题意:
给你一个3x3的矩阵,其中有一个空格不填数,其他空格从1-8随机填数。只能把空格上下左右的数移动到空格处。现要求排列出123456780的矩阵,问最少操作次数的情况下,每次操作的选择。(通常问操作次数)
(BFS)
样例
INPUT
2 3 4 1 5 x 7 6 8
OUTPUT
ullddrurdllurdruldr
思路:bfs,用map记录每个状态,不重复走同一个状态。并且每个状态也开个map记录前一个状态以及选择,最后输出
code:
#include<iostream>
#include<queue>
#include<map>
typedef long long LL;
using namespace std;
int mp[4][4];
map<int, int>pre;
map<int, bool>st;
map<int, char>step;
int k=0;
const int N = 1e5 + 10;
char ans[N];
bool can_move(int u, int x, int y)
{
int r=0, c=0; k = 0; char s;
for (int i = 3; i >= 1; i--)//先把u解构为矩阵
for (int j = 3; j >= 1; j--)
{
mp[i][j] = u % 10;
u /= 10;
if (mp[i][j] == 0)r = i, c = j;
}
int r1 = r, c1 = c;
r += x, c += y;
if (r >= 1 && r <= 3 && c >= 1 && c <= 3 ) {
swap(mp[r1][c1], mp[r][c]);
for (int i = 1; i <= 3; i++)
for (int j = 1; j <= 3; j++)
k = k * 10 + mp[i][j];//新的状态
if (!st[k]) {//没到过该状态
if (x == 1 && y == 0)step[k] ='d' ;//记录步骤
else if (x == 0 && y == 1)step[k] = 'r';
else if (x == -1 && y == 0)step[k] = 'u';
else if (x == 0 && y == -1)step[k] = 'l';
return true;
}
}
return false;
}
bool bfs(int t) {
queue<int>q;
q.push(t);
st[t] = true;
pre[t] = 0;
while (!q.empty())
{
int u = q.front();
q.pop();
int x[] = { 0,0,1,-1 }, y[] = { 1,-1,0,0 };//上下左右
for (int i = 0; i <= 3; i++)
{
if (can_move(u, x[i], y[i]))
{
q.push(k);
st[k] = true;
pre[k] = u;//记录前一个状态
}
if (k == 123456780) {
int cnt = 0;
for (int j = 123456780; j != 0;j = pre[j])
{
ans[cnt++] = step[j];//记录每个步骤
// cout << step[j];
}
// cout<<ans[cnt-1];
for (int j = cnt - 2; j>=0; j--)printf("%c",ans[j]);//注意从cnt-2开始,初始状态下的step为0(这里调了我好久QAQ)

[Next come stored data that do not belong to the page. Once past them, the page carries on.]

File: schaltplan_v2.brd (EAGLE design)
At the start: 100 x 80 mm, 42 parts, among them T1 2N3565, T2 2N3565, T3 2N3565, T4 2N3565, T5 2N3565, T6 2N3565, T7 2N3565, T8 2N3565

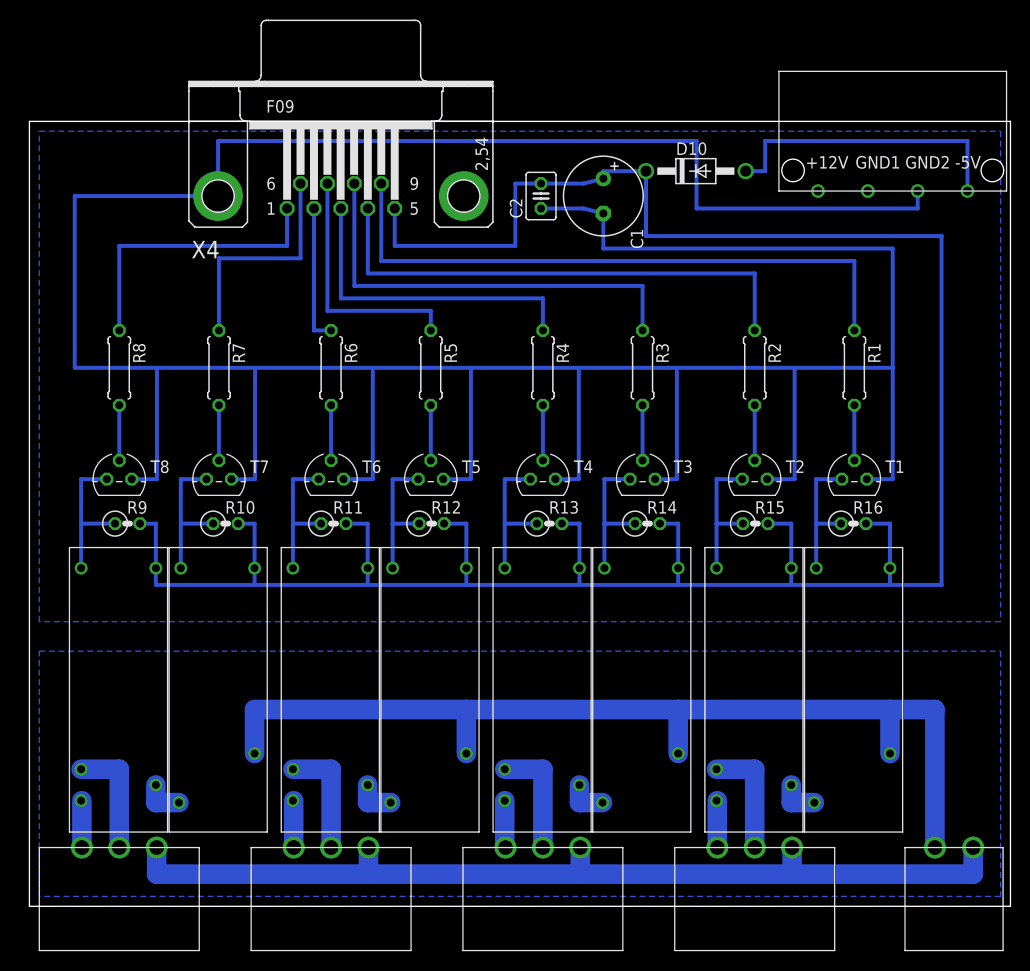
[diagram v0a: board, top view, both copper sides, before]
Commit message: 24367dfa: add drill holes and replace changed relais
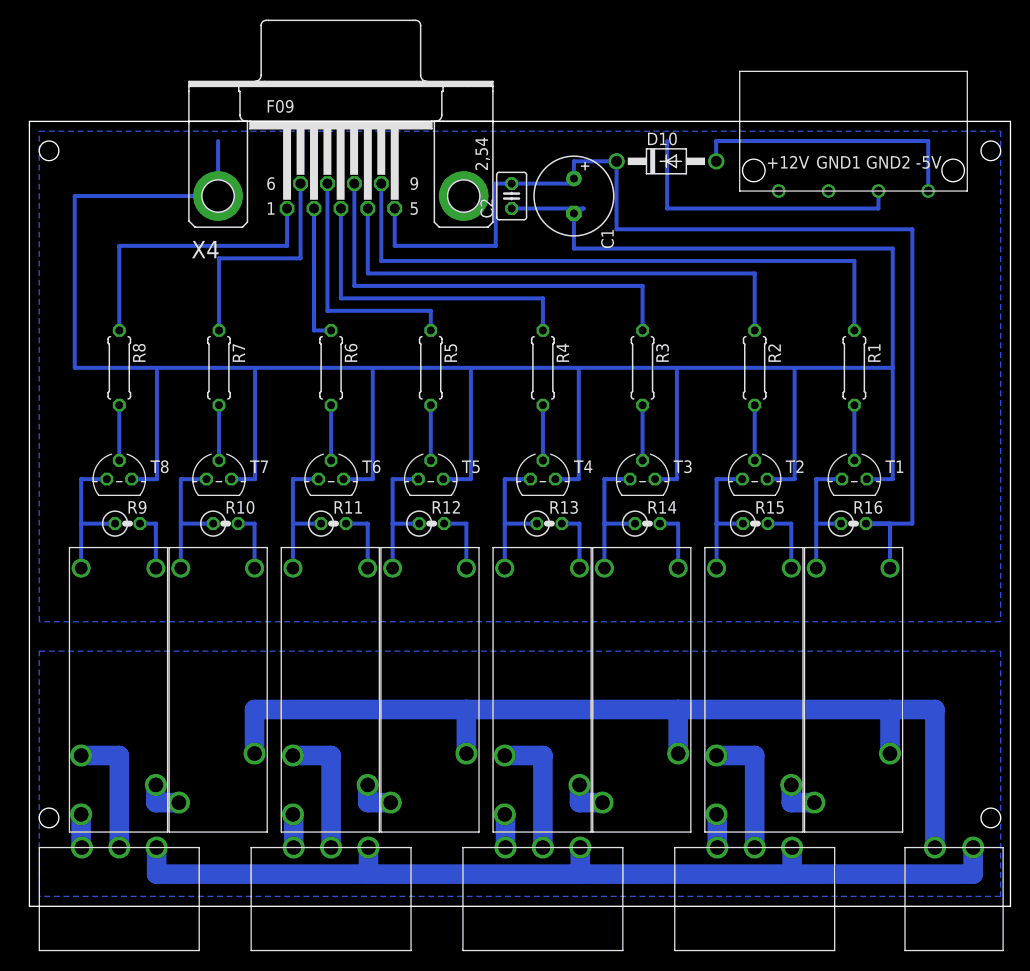
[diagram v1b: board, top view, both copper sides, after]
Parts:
- moved U$14 4.00 mm to (84.0, 79.0)
- moved D10 3.16 mm to (64.9, 75.9)
- moved C1 3.00 mm to (55.5, 72.4)
- moved C2 3.00 mm to (49.1, 72.4)
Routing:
- net N$24: track 255.4 -> 159.6 mm
- net GND: track 364.4 -> 319.7 mm
- net N$7: track 30.8 -> 28.8 mm
- net N$42: track 4.86 -> 3.46 mm
- net N$30: track 4.86 -> 3.46 mm
- net N$2: track 4.86 -> 3.46 mm
- net N$16: track 4.86 -> 3.46 mm
- net N$43: track 11.9 -> 13.3 mm
- net N$31: track 11.9 -> 13.3 mm
- net N$3: track 11.9 -> 13.3 mm
- net N$17: track 11.9 -> 13.3 mm

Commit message: 24367dfa: add label text
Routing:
- net N$38: track 63.2 -> 15.0 mm
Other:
- board size 100 x 80 mm -> 101 x 80 mm
- board text added: "n39_rollladensteuerung_v2 (c) netz39"
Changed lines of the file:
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@@
 <layers>
 <layer number="1" name="Top" color="4" fill="1" visible="no" active="yes"/>
-<layer number="16" name="Bottom" color="1" fill="1" visible="no" active="yes"/>
-<layer number="17" name="Pads" color="2" fill="1" visible="no" active="yes"/>
+<layer number="16" name="Bottom" color="1" fill="1" visible="yes" active="yes"/>
+<layer number="17" name="Pads" color="2" fill="1" visible="yes" active="yes"/>
 <layer number="18" name="Vias" color="2" fill="1" visible="no" active="yes"/>
-<layer number="19" name="Unrouted" color="6" fill="1" visible="no" active="yes"/>
+<layer number="19" name="Unrouted" color="6" fill="1" visible="yes" active="yes"/>
 <layer number="20" name="Dimension" color="15" fill="1" visible="yes" active="yes"/>
 <layer number="21" name="tPlace" color="7" fill="1" visible="yes" active="yes"/>
@@
 <wire x1="100" y1="80" x2="0" y2="80" width="0" layer="20"/>
 <wire x1="0" y1="80" x2="0" y2="0" width="0" layer="20"/>
-<wire x1="100" y1="-0.01" x2="0" y2="-0.01" width="0" layer="20"/>
+<wire x1="100" y1="-0.01" x2="-1" y2="-0.01" width="0" layer="20"/>
 <hole x="2" y="77" drill="2"/>
 <hole x="98" y="77" drill="2"/>
 <hole x="98" y="9" drill="2"/>
 <hole x="2" y="9" drill="2"/>
+<text x="97" y="31" size="1.5" layer="16" font="vector" rot="R90">n39_rollladensteuerung_v2
+(c) netz39</text>
 </plain>
 <attributes>
@@
 <contactref element="X4" pad="9"/>
 <wire x1="84.09" y1="58.69" x2="84.09" y2="65.77" width="0.4064" layer="16"/>
-<wire x1="84.09" y1="65.77" x2="35.8648" y2="65.77" width="0.4064" layer="16"/>
 <wire x1="35.8648" y1="65.77" x2="35.8648" y2="73.66" width="0.4064" layer="16"/>
+<wire x1="35.8648" y1="65.77" x2="84.09" y2="65.77" width="0" layer="19" extent="16-16"/>
 </signal>
 <signal name="GND2">
@@
 </board>
 </drawing>
+<compatibility>
+<note version="6.3" minversion="6.2.2" severity="warning">
+Since Version 6.2.2 text objects can contain more than one line,
+which will not be processed correctly with this version.
+</note>
+</compatibility>
 </eagle>

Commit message: minor fixes again
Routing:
- net N$24: track 159.6 -> 263.6 mm
- net N$38: track 15.0 -> 63.2 mm
- net GND: track 319.7 -> 361.0 mm
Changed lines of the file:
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@@
 <layers>
 <layer number="1" name="Top" color="4" fill="1" visible="no" active="yes"/>
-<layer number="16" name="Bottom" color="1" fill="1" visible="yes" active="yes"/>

/* for (int i = ne[t]; i != -1; i = ne[i])
{
cout << step[i];
}*/
return true;
}
}
}
return false;
}
int main() {
int t = 0;
for (int i = 1; i <= 3; i++)
for (int j = 1; j <= 3; j++)
{
char a;
cin >> a;
if (a != 'x')
{
mp[i][j] = a - '0';
}
else mp[i][j] = 0;
t = t * 10 + mp[i][j];//以int形式保存该状态
}
if (!bfs(t))cout << "unsolvable";
return 0;
}